─── Material shown
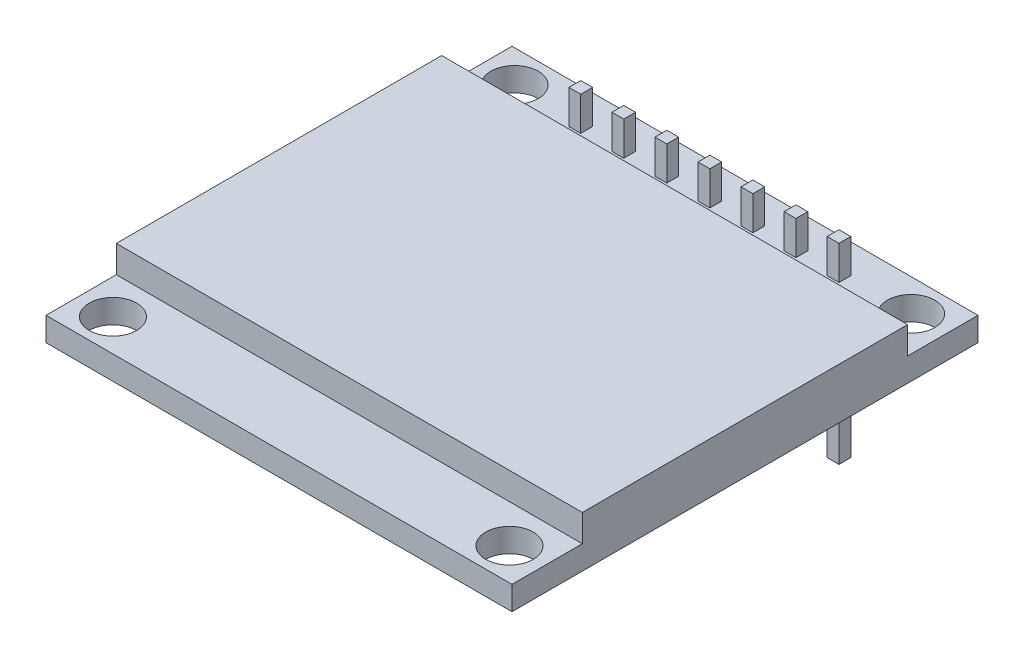
SolidWorks part; units mm, degrees
ref_plane "前视基准面" through (0, 0, 0) normal (0, 0, 1) x (1, 0, 0)
ref_plane "上视基准面" through (0, 0, 0) normal (0, 1, 0) x (1, 0, 0)
ref_plane "右视基准面" through (0, 0, 0) normal (1, 0, 0) x (0, 0, -1)
other "Configuration Table"
sketch "草图1" plane through (0, 0, 0) normal (0, 1, 0) x (1, 0, 0)
  line L1 (0, 0) -> (27.5, 0)
  line L2 (0, 0) -> (0, -27.5)
  line L3 (0, -27.5) -> (27.5, -27.5)
  line L4 (27.5, 0) -> (27.5, -27.5)
  line L9 (0, -4.15) -> (27.5, -4.15)
  line L10 (0, -4.15) -> (0, -23.35)
  line L11 (0, -23.35) -> (27.5, -23.35)
  line L12 (27.5, -4.15) -> (27.5, -23.35)
  line L13 (7.4, -0.805) -> (9.94, -0.805)
  line L18 (4.86, -0.805) -> (7.4, -0.805)
  line L19 (4.86, -0.805) -> (4.86, -3.345)
  line L20 (4.86, -3.345) -> (7.4, -3.345)
  line L21 (7.4, -0.805) -> (7.4, -3.345)
  line L22 (4.86, -0.805) -> (7.4, -3.345) construction
  line L23 (4.86, -3.345) -> (7.4, -0.805) construction
  line L24 (5.78, -2.425) -> (6.48, -2.425)
  line L25 (5.78, -2.425) -> (5.78, -1.725)
  line L26 (5.78, -1.725) -> (6.48, -1.725)
  line L27 (6.48, -2.425) -> (6.48, -1.725)
  line L28 (5.78, -2.425) -> (6.48, -1.725) construction
  line L29 (5.78, -1.725) -> (6.48, -2.425) construction
  line L30 (7.4, -0.805) -> (7.4, -3.345)
  line L31 (7.4, -3.345) -> (9.94, -3.345)
  line L32 (9.94, -0.805) -> (9.94, -3.345)
  line L33 (8.32, -2.425) -> (9.02, -2.425)
  line L34 (8.32, -2.425) -> (8.32, -1.725)
  line L35 (8.32, -1.725) -> (9.02, -1.725)
  line L36 (9.02, -2.425) -> (9.02, -1.725)
  line L37 (7.4, -0.805) -> (9.94, -3.345) construction
  line L38 (7.4, -3.345) -> (9.94, -0.805) construction
  line L39 (8.32, -2.425) -> (9.02, -1.725) construction
  line L40 (8.32, -1.725) -> (9.02, -2.425) construction
  line L41 (9.94, -0.805) -> (12.48, -0.805)
  line L42 (9.94, -0.805) -> (9.94, -3.345)
  line L43 (9.94, -3.345) -> (12.48, -3.345)
  line L44 (12.48, -0.805) -> (12.48, -3.345)
  line L45 (10.86, -2.425) -> (11.56, -2.425)
  line L46 (10.86, -2.425) -> (10.86, -1.725)
  line L47 (10.86, -1.725) -> (11.56, -1.725)
  line L48 (11.56, -2.425) -> (11.56, -1.725)
  line L49 (9.94, -0.805) -> (12.48, -3.345) construction
  line L50 (9.94, -3.345) -> (12.48, -0.805) construction
  line L51 (10.86, -2.425) -> (11.56, -1.725) construction
  line L52 (10.86, -1.725) -> (11.56, -2.425) construction
  line L53 (12.48, -0.805) -> (15.02, -0.805)
  line L54 (12.48, -0.805) -> (12.48, -3.345)
  line L55 (12.48, -3.345) -> (15.02, -3.345)
  line L56 (15.02, -0.805) -> (15.02, -3.345)
  line L57 (13.4, -2.425) -> (14.1, -2.425)
  line L58 (13.4, -2.425) -> (13.4, -1.725)
  line L59 (13.4, -1.725) -> (14.1, -1.725)
  line L60 (14.1, -2.425) -> (14.1, -1.725)
  line L61 (12.48, -0.805) -> (15.02, -3.345) construction
  line L62 (12.48, -3.345) -> (15.02, -0.805) construction
  line L63 (13.4, -2.425) -> (14.1, -1.725) construction
  line L64 (13.4, -1.725) -> (14.1, -2.425) construction
  line L65 (15.02, -0.805) -> (17.56, -0.805)
  line L66 (15.02, -0.805) -> (15.02, -3.345)
  line L67 (15.02, -3.345) -> (17.56, -3.345)
  line L68 (17.56, -0.805) -> (17.56, -3.345)
  line L69 (15.94, -2.425) -> (16.64, -2.425)
  line L70 (15.94, -2.425) -> (15.94, -1.725)
  line L71 (15.94, -1.725) -> (16.64, -1.725)
  line L72 (16.64, -2.425) -> (16.64, -1.725)
  line L73 (15.02, -0.805) -> (17.56, -3.345) construction
  line L74 (15.02, -3.345) -> (17.56, -0.805) construction
  line L75 (15.94, -2.425) -> (16.64, -1.725) construction
  line L76 (15.94, -1.725) -> (16.64, -2.425) construction
  line L77 (17.56, -0.805) -> (20.1, -0.805)
  line L78 (17.56, -0.805) -> (17.56, -3.345)
  line L79 (17.56, -3.345) -> (20.1, -3.345)
  line L80 (20.1, -0.805) -> (20.1, -3.345)
  line L81 (18.48, -2.425) -> (19.18, -2.425)
  line L82 (18.48, -2.425) -> (18.48, -1.725)
  line L83 (18.48, -1.725) -> (19.18, -1.725)
  line L84 (19.18, -2.425) -> (19.18, -1.725)
  line L85 (17.56, -0.805) -> (20.1, -3.345) construction
  line L86 (17.56, -3.345) -> (20.1, -0.805) construction
  line L87 (18.48, -2.425) -> (19.18, -1.725) construction
  line L88 (18.48, -1.725) -> (19.18, -2.425) construction
  line L89 (20.1, -0.805) -> (22.64, -0.805)
  line L90 (20.1, -0.805) -> (20.1, -3.345)
  line L91 (20.1, -3.345) -> (22.64, -3.345)
  line L92 (22.64, -0.805) -> (22.64, -3.345)
  line L93 (21.02, -2.425) -> (21.72, -2.425)
  line L94 (21.02, -2.425) -> (21.02, -1.725)
  line L95 (21.02, -1.725) -> (21.72, -1.725)
  line L96 (21.72, -2.425) -> (21.72, -1.725)
  line L97 (20.1, -0.805) -> (22.64, -3.345) construction
  line L98 (20.1, -3.345) -> (22.64, -0.805) construction
  line L99 (21.02, -2.425) -> (21.72, -1.725) construction
  line L100 (21.02, -1.725) -> (21.72, -2.425) construction
  circle A0 centre (2.05, -1.9) radius 1.4
  circle A1 centre (25.45, -1.9) radius 1.4
  circle A2 centre (2.05, -25.6) radius 1.4
  circle A3 centre (25.45, -25.6) radius 1.4
  point P9 (0, -13.75)
  point P10 (0, -13.75)
  point P19 (0, 0)
  point P20 (6.13, -2.075)
  point P25 (6.13, -2.075)
  point P27 (0, 0)
  point P28 (0, 0)
  point P33 (8.67, -2.075)
  point P38 (8.67, -2.075)
  point P43 (11.21, -2.075)
  point P48 (11.21, -2.075)
  point P53 (13.75, -2.075)
  point P58 (13.75, -2.075)
  point P63 (16.29, -2.075)
  point P68 (16.29, -2.075)
  point P73 (18.83, -2.075)
  point P78 (18.83, -2.075)
  point P83 (21.37, -2.075)
  point P88 (21.37, -2.075)
  dimension "D3" = 2.8
  dimension "D9" = 0.7
  dimension "D1" = 27.5
  dimension "D2" = 19.2
  dimension "D4" = 1.9
  dimension "D5" = 2.05
  dimension "D6" = 1.9
  dimension "D7" = 2.05
  dimension "D8" = 2.54
  dimension "D10" = 7
extrude "凸台-拉伸1" add sketch "草图1" along normal blind 1.4 contours L3 L4 L1 L2 | A0 | A1 | A2 | A3
extrude "凸台-拉伸2" add sketch "草图1<3>" along normal blind 3 contours L9 L12 L11 L10
sketch "草图1<3>" plane through (0, 0, 0) normal (0, 1, 0) x (1, 0, 0) same geometry as "草图1"
extrude "凸台-拉伸3" add sketch "草图1<4>" against normal blind 2.54 contours L89 L92 L91 L90 | L77 L80 L79 L78 | L65 L68 L67 L66 | L53 L56 L55 L54 | L41 L44 L43 L42 | L13 L32 L31 L30 | L18 L21 L20 L19
sketch "草图1<4>" plane through (0, 0, 0) normal (0, 1, 0) x (1, 0, 0) same geometry as "草图1"
extrude "凸台-拉伸4" add sketch "草图1<5>" against normal blind 11.3 from offset 3.4 contours L95 L96 L93 L94 | L83 L84 L81 L82 | L71 L72 L69 L70 | L59 L60 L57 L58 | L47 L48 L45 L46 | L35 L36 L33 L34 | L26 L27 L24 L25
sketch "草图1<5>" plane through (0, 0, 0) normal (0, 1, 0) x (1, 0, 0) same geometry as "草图1"
──────
▶ [Exercise brief]
Look through the material above and print exactly the lines from the one containing "line L29 (5.78, -1.725)" to the one containing "line L71 (15.94, -1.725) -> (16.64, -1.725)", both included, and nothing more.

▶ [Expected answer]
  line L29 (5.78, -1.725) -> (6.48, -2.425) construction
  line L30 (7.4, -0.805) -> (7.4, -3.345)
  line L31 (7.4, -3.345) -> (9.94, -3.345)
  line L32 (9.94, -0.805) -> (9.94, -3.345)
  line L33 (8.32, -2.425) -> (9.02, -2.425)
  line L34 (8.32, -2.425) -> (8.32, -1.725)
  line L35 (8.32, -1.725) -> (9.02, -1.725)
  line L36 (9.02, -2.425) -> (9.02, -1.725)
  line L37 (7.4, -0.805) -> (9.94, -3.345) construction
  line L38 (7.4, -3.345) -> (9.94, -0.805) construction
  line L39 (8.32, -2.425) -> (9.02, -1.725) construction
  line L40 (8.32, -1.725) -> (9.02, -2.425) construction
  line L41 (9.94, -0.805) -> (12.48, -0.805)
  line L42 (9.94, -0.805) -> (9.94, -3.345)
  line L43 (9.94, -3.345) -> (12.48, -3.345)
  line L44 (12.48, -0.805) -> (12.48, -3.345)
  line L45 (10.86, -2.425) -> (11.56, -2.425)
  line L46 (10.86, -2.425) -> (10.86, -1.725)
  line L47 (10.86, -1.725) -> (11.56, -1.725)
  line L48 (11.56, -2.425) -> (11.56, -1.725)
  line L49 (9.94, -0.805) -> (12.48, -3.345) construction
  line L50 (9.94, -3.345) -> (12.48, -0.805) construction
  line L51 (10.86, -2.425) -> (11.56, -1.725) construction
  line L52 (10.86, -1.725) -> (11.56, -2.425) construction
  line L53 (12.48, -0.805) -> (15.02, -0.805)
  line L54 (12.48, -0.805) -> (12.48, -3.345)
  line L55 (12.48, -3.345) -> (15.02, -3.345)
  line L56 (15.02, -0.805) -> (15.02, -3.345)
  line L57 (13.4, -2.425) -> (14.1, -2.425)
  line L58 (13.4, -2.425) -> (13.4, -1.725)
  line L59 (13.4, -1.725) -> (14.1, -1.725)
  line L60 (14.1, -2.425) -> (14.1, -1.725)
  line L61 (12.48, -0.805) -> (15.02, -3.345) construction
  line L62 (12.48, -3.345) -> (15.02, -0.805) construction
  line L63 (13.4, -2.425) -> (14.1, -1.725) construction
  line L64 (13.4, -1.725) -> (14.1, -2.425) construction
  line L65 (15.02, -0.805) -> (17.56, -0.805)
  line L66 (15.02, -0.805) -> (15.02, -3.345)
  line L67 (15.02, -3.345) -> (17.56, -3.345)
  line L68 (17.56, -0.805) -> (17.56, -3.345)
  line L69 (15.94, -2.425) -> (16.64, -2.425)
  line L70 (15.94, -2.425) -> (15.94, -1.725)
  line L71 (15.94, -1.725) -> (16.64, -1.725)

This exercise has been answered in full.